What this configuration includes:
- WebProtégé client configuration
- Required authentication flows
- User roles and permissions
- Login themes and settings
After importing, you should see "webprotege" appear in the realm dropdown, indicating successful configuration.
Important for macOS users: Before starting the services, you need to modify the Docker Compose configuration to avoid port conflicts. macOS uses port 5000 for AirPlay Receiver by default.
Port modification steps:
- Open the
docker-compose.ymlfile in a text editor - Navigate to approximately line 320-321 in the logstash section
- Change the port mapping from
5000:5000to5001:5000(or any other 500x port like 5002, 5003, etc.) - Save the file
Example change:
# Before (line 320-321):
ports:
- "5000:5000/tcp"
- "5000:5000/udp"
# After:
ports:
- "5001:5000/tcp"
- "5001:5000/udp"Now that Keycloak is configured, start the complete WebProtégé application stack:
docker compose upWhat this command does:
- Starts all services defined in the Docker Compose file
- Includes the database, backend services, frontend, and any other required components
- Runs in foreground mode, showing logs from all services
Startup time: Initial startup may take several minutes as Docker downloads images and initializes databases. Watch the logs for "ready" or "started" messages from each service.

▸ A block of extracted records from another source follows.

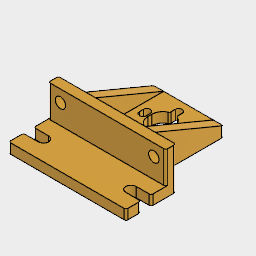
Z_Nut_Bracket_1.0_F01 (Autodesk Fusion 360 design; units mm, degrees)
Autodesk Fusion 360 part; units mm, degrees
sketch "スケッチ1" plane through (0, 0, 0) normal (0, 0, 1) x (1, 0, 0)
  line L0 (-17.5, 0) -> (-17.5, 36)
  line L1 (-17.5, 36) -> (17.5, 36)
  line L2 (17.5, 36) -> (17.5, 0)
  line L3 (-29.5, 0) -> (29.5, 0)
  line L4 (29.5, 0) -> (29.5, -25)
  line L5 (29.5, -25) -> (-29.5, -25)
  line L6 (-29.5, -25) -> (-29.5, 0)
  line L7 (-29.5, -5) -> (29.5, -5)
  line L8 (-12.5, 0) -> (-12.5, 36)
  line L9 (12.5, 0) -> (12.5, 36)
  circle A0 centre (22, -15) radius 2.6
  circle A1 centre (-22, -15) radius 2.6
  line L10 (29.5, -12.4) -> (22, -12.4)
  line L11 (29.5, -17.6) -> (22, -17.6)
  line L12 (-29.5, -12.4) -> (-22, -12.4)
  line L13 (-29.5, -17.6) -> (-22, -17.6)
  circle A2 centre (0, 23) radius 5.5
  circle A3 centre (0, 21) radius 5.5
  circle A4 centre (0, 31) radius 1.75
  circle A5 centre (0, 13) radius 1.75
  line L14 (0, 36) -> (0, 0) construction
  line L15 (1.75, 31) -> (1.75, 28.2142)
  line L16 (-1.75, 31) -> (-1.75, 28.2142)
  line L17 (1.75, 13) -> (1.75, 15.7858)
  line L18 (-1.75, 13) -> (-1.75, 15.7858)
  line L19 (5.5, 23) -> (5.5, 21)
  line L20 (-8, 23) -> (-8, 21)
  circle A6 centre (-8, 23) radius 1.75
  circle A7 centre (-8, 21) radius 1.75
  line L21 (-6.25, 21) -> (-6.25, 23)
  line L22 (-9.75, 21) -> (-9.75, 23)
  circle A8 centre (8, 23) radius 1.75
  line L23 (6.25, 21) -> (6.25, 23)
  circle A9 centre (8, 21) radius 1.75
  line L24 (9.75, 21) -> (9.75, 23)
  line L25 (-5.5, 23) -> (-5.5, 21)
  dimension "d1" = 36
  dimension "d2" = 25
  dimension "d3" = 5
  dimension "d4" = 35
  dimension "d5" = 59
  dimension "d6" = 17.5
  dimension "d7" = 5
  dimension "d8" = 5
  dimension "d9" = 5.2
  dimension "d10" = 5.2
  dimension "d11" = 7.5
  dimension "d12" = 7.5
  dimension "d13" = 10
  dimension "d14" = 10
  dimension "d15" = 11
  dimension "d16" = 11
  dimension "d17" = 3.5
  dimension "d18" = 3.5
  dimension "d19" = 5
  dimension "d20" = 18
  dimension "d21" = 2
  dimension "d22" = 8
  dimension "d23" = 2
  dimension "d24" = 3.5
  dimension "d25" = 3.5
  dimension "d26" = 8
  dimension "d27" = 8
  measures "d1" distance of L1.end L2.end
  measures "d2" distance of L3.end L4.end
  measures "d3" distance of L3 L7
  measures "d4" distance of L0 L2
  measures "d5" distance of L4.end L5.end
  measures "d6" distance of L14.end L0
  measures "d7" distance of L0 L8
  measures "d8" distance of L2 L9
  measures "d9" diameter of A0
  measures "d10" diameter of A1
  measures "d11" distance of L4 A0.centre
  measures "d12" distance of L6 A1.centre
  measures "d13" distance of L5 A0.centre
  measures "d14" distance of L5 A1.centre
  measures "d15" diameter of A2
  measures "d16" diameter of A3
  measures "d17" diameter of A4
  measures "d18" diameter of A5
  measures "d19" distance of L1 A4.centre
  measures "d20" distance of A4.centre A5.centre
  measures "d21" distance of A2.centre A3.centre
  measures "d22" distance of A2.centre A4.centre
  measures "d23" distance of L20.start L20.end
  measures "d24" diameter of A6
  measures "d25" diameter of A7
  measures "d26" distance of A2.centre L20.start
  measures "d27" distance of A4.centre L20.start
extrude "押し出し1" add sketch "スケッチ1" along normal blind 5 contours L3 L4 L6 L7 | L1 L3 L8 L9 | L4 L5 L6 L7 A0 A1 L10 L11 L12 L13
extrude "押し出し2" add sketch "スケッチ1" along normal blind 21 contours L3 L4 L6 L7
extrude "押し出し3" add sketch "スケッチ1" along normal blind 20 contours L0 L1 L3 L8 | L1 L2 L3 L9
chamfer "面取り1" distance 36 distance2 15 2 edges at (-15, 36, 20) (15, 36, 20) measured on face at (-15.8333, 24, 20) measured on face at (14.1667, 12, 20)
hole "穴1" at (23.5, -5, 15) direction (0, 1, 0) diameter 5.2 depth 6 tip angle 118
hole "穴2" at (-23.5, -5, 15) direction (0, 1, 0) diameter 5.2 depth 6 tip angle 118
fillet "フィレット1" radius 1 12 edges at (29.5, -25, 2.5) (29.5, -17.6, 2.5) (29.5, -12.4, 2.5) (29.5, -5, 13) (29.5, 0, 10.5) (17.5, 36, 2.5) (-17.5, 36, 2.5) (-29.5, 0, 10.5) (-29.5, -5, 13) (-29.5, -25, 2.5) (-29.5, -17.6, 2.5) (-29.5, -12.4, 2.5)
fillet "フィレット2" radius 1 4 edges at (1.75, 28.2142, 2.5) (1.75, 15.7858, 2.5) (-1.75, 15.7858, 2.5) (-1.75, 28.2142, 2.5)
equation "d6 = d4 / 2"

Open your web browser and go to:
http://webprotege-local.edu
Important: Use the custom domain you configured in your hosts file, not localhost. This ensures proper cookie handling and authentication flow between WebProtégé and Keycloak.
You should see the WebProtégé sign-in page with options to log in or register a new account.
Since this is your first time using WebProtégé, create a new account:
-
Click "Register" on the login page
-
Fill out the registration form with:
- Username: Choose a unique username (e.g., your email or preferred handle)
- Password: A strong password following any displayed requirements
- Confirm Password: Re-enter your password
- Email: Your email address (required for account verification and notifications)
- First/Last Name: Your display name within WebProtégé
-
Click "Register"
After registration, sign in using your newly created credentials:
- Enter your username/email and password
- Click "Sign In"
Successful login indicators:
- Redirect to the WebProtégé home page
- Your username appears in the top navigation
- You see options to create or access ontology projects
After completing these steps, you should see the WebProtégé home page, which typically includes:
- Project dashboard: View and manage your ontology projects
- Create project button: Start new ontology development projects
- User profile access: Manage your account settings
- Navigation menu: Access different WebProtégé features
Common next steps:
- Create your first ontology project
- Import existing ontology files
- Explore WebProtégé documentation and tutorials
- Configure project-specific settings and collaborator access
Port conflicts: If port 8080 is already in use, modify the Docker Compose configuration to use alternative ports.
Permission errors: Ensure your user has permissions to modify the hosts file and run Docker commands.
Service startup failures: Check Docker logs for specific error messages and ensure all required files are present in the webprotege-deploy directory.
Authentication issues: Verify the realm was imported correctly in Keycloak and that the SERVER_HOST environment variable matches your hosts file entry.